Week #3

Week #3 #

Prototype Features #

This week, we made significant progress in developing the SayNoMore prototype. Our primary user interface is through a Telegram Bot, designed to assist users with their travel planning. Here’s what we have accomplished:

  1. Telegram Bot Interface:

    • Proof of Concept: We have developed a basic Telegram bot that can handle user messages and perform core functions essential for travel planning.
    • Basic Functionality: The bot can process user requests, ask for additional information if necessary, and return several travel routes that fit within the user’s specified budget.
  2. RequestAnalyzer Module:

    • User Input Processing: The prototype can parse and understand user inputs, extracting key travel details such as destination, departure city, dates, and budget.
    • Multi-step Interaction Handling: The system interacts with users iteratively, prompting for more information when initial inputs are incomplete or ambiguous.
    • Validation and Verification: This module ensures the extracted details are valid and accurate, such as checking for valid cities and realistic dates.
  3. API Collector Module:

    • Flight Data Retrieval: The bot can fetch the cheapest and most relevant flight options using the Aviasales API.
    • Hotel Data Retrieval: It also searches for hotel availability and pricing based on user-provided criteria.
    • Data Formatting: Retrieved data is standardized and formatted for easy presentation to the user, ensuring consistency and clarity.
  4. Integration of All Modules:

    • We have successfully integrated the RequestAnalyzer, API Collector, and Telegram Bot Interface into a cohesive system.
    • The bot now processes user requests, retrieves relevant travel data, and provides recommendations based on the user’s budget and preferences.

User Interface #

The current UI is a Telegram Bot that facilitates user interaction for travel planning. Key screens and interactions include:

  1. Welcome Screen:
    • The bot greets users with an introduction and overview of its capabilities.
  2. User Input Collection:
    • The bot prompts users to provide travel details such as destination, departure city, and travel dates.
  3. Dynamic Querying:
    • If initial information is incomplete, the bot interacts dynamically to gather additional necessary details.
  4. Travel Recommendations:
    • After processing the request, the bot provides several travel routes that fit the user’s budget and preferences, including flights and hotel options. Demo

These interactions ensure that users can plan their travel efficiently and receive tailored recommendations.
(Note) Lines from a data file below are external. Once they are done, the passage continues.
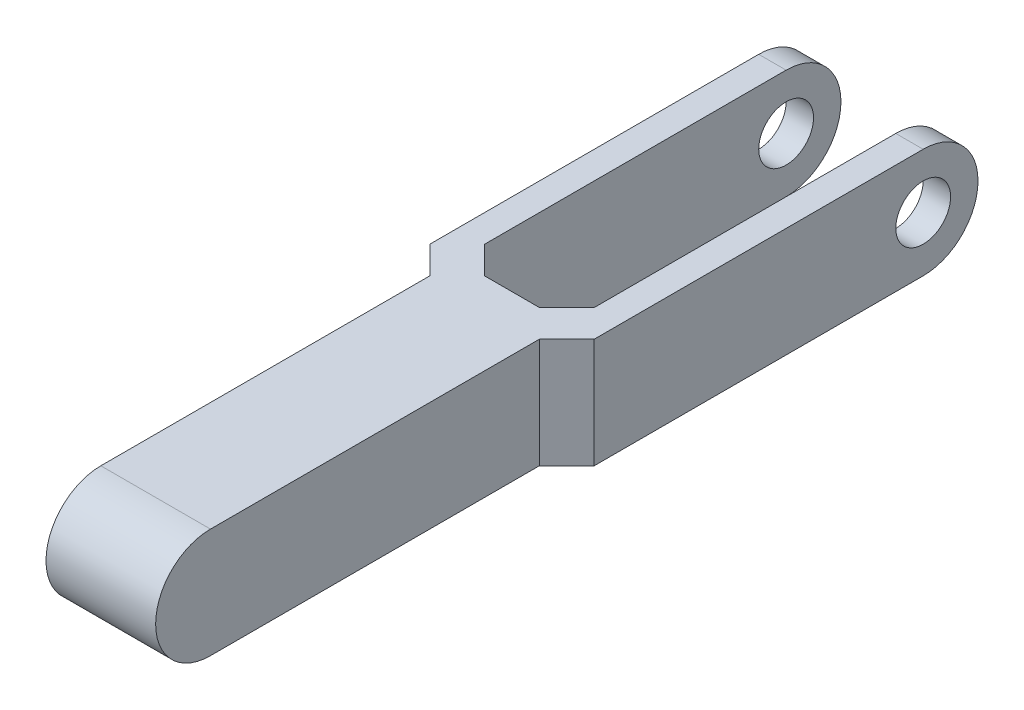
from build123d import *

# Parameters (mm, degrees)
BOSS_EXTRUDE1_DEPTH = 30
SKETCH2_W           = 40
SKETCH2_H           = 20
SKETCH2_W_2         = 10
CUT_EXTRUDE1_DEPTH  = 275.590604355


with BuildPart() as part:
    # Sketch1 → Boss-Extrude1 (new, symmetric)
    with BuildSketch(Plane(origin=(0, 0, 0), x_dir=(0, 0, -1), z_dir=(1, 0, 0))):
        with BuildLine():
            ThreePointArc((20, 0), (14.142135624, 14.142135624), (0, 20))
            Line((0, 20), (0, 10))
            ThreePointArc((0, 10), (7.071067812, 7.071067812), (10, 0))
            ThreePointArc((10, 0), (7.071067812, -7.071067812), (0, -10))
            Line((0, -10), (0, -20))
            ThreePointArc((0, -20), (14.142135624, -14.142135624), (20, 0))
        make_face()
        with BuildLine():
            Line((0, 10), (0, 20))
            ThreePointArc((0, 20), (-20, 0), (0, -20))
            Line((0, -20), (0, -10))
            ThreePointArc((0, -10), (-10, 0), (0, 10))
        make_face()
        with BuildLine():
            ThreePointArc((20, 0), (14.142135624, 14.142135624), (0, 20))
            Line((0, 20), (0, 10))
            ThreePointArc((0, 10), (7.071067812, 7.071067812), (10, 0))
            ThreePointArc((10, 0), (7.071067812, -7.071067812), (0, -10))
            Line((0, -10), (0, -20))
            ThreePointArc((0, -20), (14.142135624, -14.142135624), (20, 0))
        make_face()
        with BuildLine():
            Line((0, 10), (0, 20))
            ThreePointArc((0, 20), (-20, 0), (0, -20))
            Line((0, -20), (0, -10))
            ThreePointArc((0, -10), (-10, 0), (0, 10))
        make_face()
        with BuildLine():
            Line((250, 20), (0, 20))
            ThreePointArc((0, 20), (14.142135624, 14.142135624), (20, 0))
            ThreePointArc((20, 0), (14.142135624, -14.142135624), (0, -20))
            Line((0, -20), (250, -20))
            ThreePointArc((250, -20), (230, 0), (250, 20))
        make_face()
        with BuildLine():
            ThreePointArc((270, 0), (264.142135624, 14.142135624), (250, 20))
            Line((250, 20), (250, 10))
            ThreePointArc((250, 10), (257.071067812, 7.071067812), (260, 0))
            ThreePointArc((260, 0), (257.071067812, -7.071067812), (250, -10))
            Line((250, -10), (250, -20))
            ThreePointArc((250, -20), (264.142135624, -14.142135624), (270, 0))
        make_face()
        with BuildLine():
            Line((250, 10), (250, 20))
            ThreePointArc((250, 20), (230, 0), (250, -20))
            Line((250, -20), (250, -10))
            ThreePointArc((250, -10), (240, 0), (250, 10))
        make_face()
        with BuildLine():
            ThreePointArc((270, 0), (264.142135624, 14.142135624), (250, 20))
            Line((250, 20), (250, 10))
            ThreePointArc((250, 10), (257.071067812, 7.071067812), (260, 0))
            ThreePointArc((260, 0), (257.071067812, -7.071067812), (250, -10))
            Line((250, -10), (250, -20))
            ThreePointArc((250, -20), (264.142135624, -14.142135624), (270, 0))
        make_face()
        with BuildLine():
            Line((250, 10), (250, 20))
            ThreePointArc((250, 20), (230, 0), (250, -20))
            Line((250, -20), (250, -10))
            ThreePointArc((250, -10), (240, 0), (250, 10))
        make_face()
        with BuildLine():
            ThreePointArc((10, 0), (7.071067812, 7.071067812), (0, 10))
            Line((0, 10), (0, -10))
            ThreePointArc((0, -10), (7.071067812, -7.071067812), (10, 0))
        make_face()
        with BuildLine():
            Line((0, -10), (0, 10))
            ThreePointArc((0, 10), (-10, 0), (0, -10))
        make_face()
        with BuildLine():
            ThreePointArc((10, 0), (7.071067812, 7.071067812), (0, 10))
            Line((0, 10), (0, -10))
            ThreePointArc((0, -10), (7.071067812, -7.071067812), (10, 0))
        make_face()
        with BuildLine():
            Line((0, -10), (0, 10))
            ThreePointArc((0, 10), (-10, 0), (0, -10))
        make_face()
    extrude(amount=BOSS_EXTRUDE1_DEPTH, both=True)

    # Sketch2 → Cut-Extrude1 (cut, through all)
    with BuildSketch(Plane(origin=(0, 20, 0), x_dir=(1, 0, 0), z_dir=(0, 1, 0))):
        with Locations((0, 260)):
            Rectangle(SKETCH2_W, SKETCH2_H)
        Polygon((20, 250), (-20, 250), (-20, 140), (-10, 130), (10, 130), (20, 140), align=None)
        Polygon((-20, 120), (-30, 130), (-30, 0), (-20, 0), align=None)
        Polygon((30, 130), (20, 120), (20, 0), (30, 0), align=None)
        with Locations((-25, -10)):
            Rectangle(SKETCH2_W_2, SKETCH2_H)
        with Locations((25, -10)):
            Rectangle(SKETCH2_W_2, SKETCH2_H)
    extrude(amount=-CUT_EXTRUDE1_DEPTH, mode=Mode.SUBTRACT)


solid = part.part
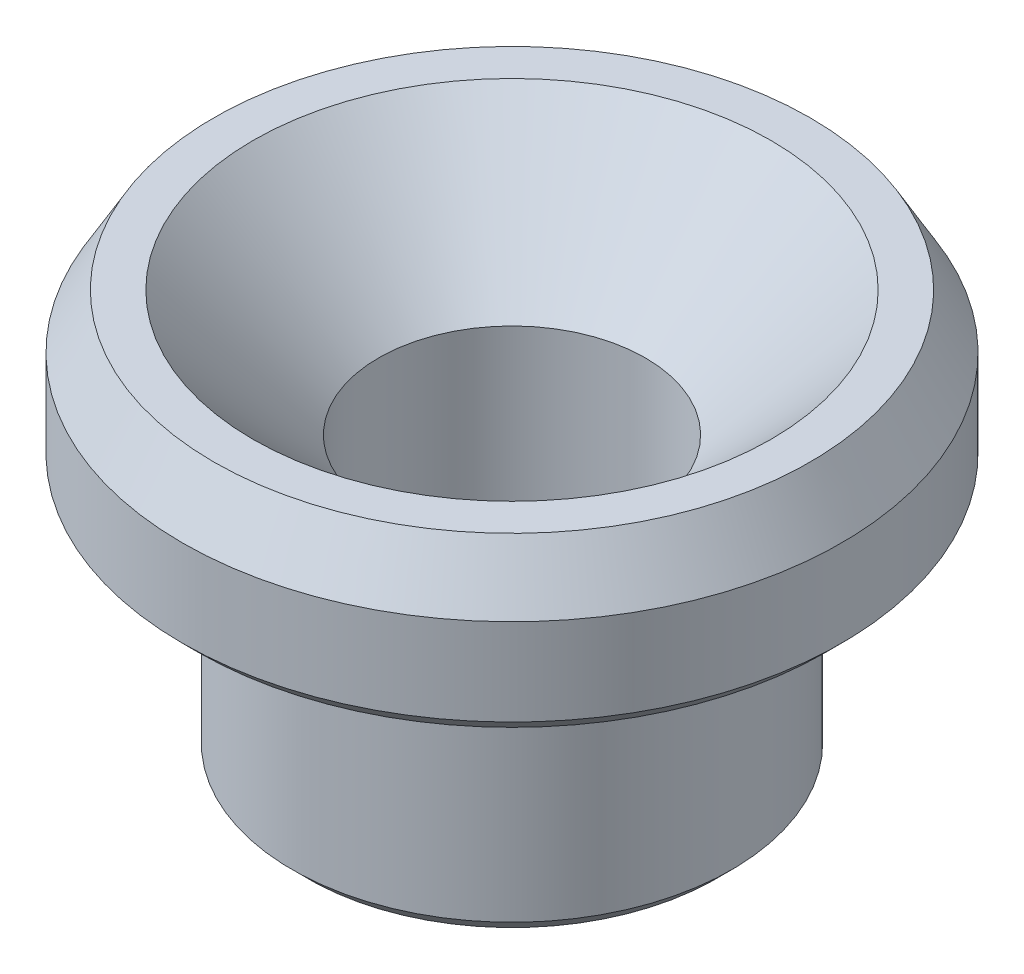
from build123d import *

# Parameters (mm, degrees)
CHAMFER1_SIZE  = 1
CHAMFER1_SIZE2 = 1.732050808
CHAMFER2_SIZE  = 0.5


with BuildPart() as part:
    # Sketch1 → Revolve1 (revolve)
    with BuildSketch(Plane.XY, mode=Mode.PRIVATE) as revolve1_sk:
        Polygon((4.25, 0), (4.25, 9), (8.25, 13), (10.5, 13), (10.5, 8), (7, 8), (7, 0), align=None)
    revolve(revolve1_sk.sketch.rotate(Axis((0, 0, 0), (0, 1, 0)), 90), axis=Axis((0, 0, 0), (0, 1, 0)))

    # Chamfer1
    chamfer1_edges = [part.edges().sort_by_distance(p)[0] for p in [
        (0, 13, 10.5),
    ]]
    chamfer1_side = [part.faces().sort_by_distance(p)[0] for p in [
        (0, 13, 8.546984848),
    ]]
    chamfer(chamfer1_edges, length=CHAMFER1_SIZE, length2=CHAMFER1_SIZE2, reference=chamfer1_side[0])

    # Chamfer2
    chamfer2_edges = [part.edges().sort_by_distance(p)[0] for p in [
        (0, 0, 7),
        (0, 8, 10.5),
    ]]
    chamfer(chamfer2_edges, length=CHAMFER2_SIZE)


solid = part.part

Challenges and Solutions #

  1. Local LLM is GPU Expensive and Hard to Deploy:

    • Challenge: Running the local LLaMA model requires significant GPU resources and presents challenges in deployment, making it difficult to scale and manage.
    • Solution: We are considering alternatives such as utilizing cloud-based LLM services or REST APIs for LLM tasks. This will reduce the burden on local resources and simplify deployment, ensuring scalability and easier management.
  2. API Data is Limited by Aviasales Cache:

    • Challenge: The current API data from Aviasales is limited to their cache, which may not cover all possible user requests in real-time.
    • Solution: We plan to develop a functional prototype demonstrating our bot’s capabilities. With this prototype, we will approach Aviasales directly to negotiate access to their full API, which will allow us to handle a broader range of user requests with up-to-date and comprehensive data.

Next Steps #

As we move forward, our focus will be on enhancing the bot’s capabilities and refining its functionalities. Here’s what we plan to work on next:

  1. Feature Enhancements:

    • Advanced User Interactions: Improve the bot’s ability to handle more complex user queries and provide richer responses.
    • Expanded Data Retrieval: Integrate additional APIs to offer a wider range of travel options, including alternative accommodations and local attractions.
    • Budget Management: Enhance budget handling capabilities to provide more tailored and cost-effective travel recommendations.
  2. User Experience Improvements:

    • Interactive Feedback: Implement more interactive and user-friendly feedback mechanisms to keep users engaged and informed.
    • Error Handling: Improve the bot’s ability to gracefully handle errors and provide helpful suggestions when issues arise.
  3. Interface Development:

    • Web and Mobile Interfaces: Begin the development of web and mobile platforms to provide users with more comprehensive and visually rich interfaces for travel planning.
  4. Testing and Refinement:

    • Comprehensive Testing: Continue with rigorous testing of all features to ensure stability and reliability.
    • User Feedback Integration: Collect and integrate user feedback to refine and enhance the bot’s functionalities.
  5. Documentation and Knowledge Sharing:

    • Detailed Documentation: Update and expand the documentation to reflect new features and provide clear guidance for users and developers.
    • Team Knowledge Sharing: Foster ongoing knowledge sharing within the team to ensure everyone is aligned and up-to-date on the latest developments.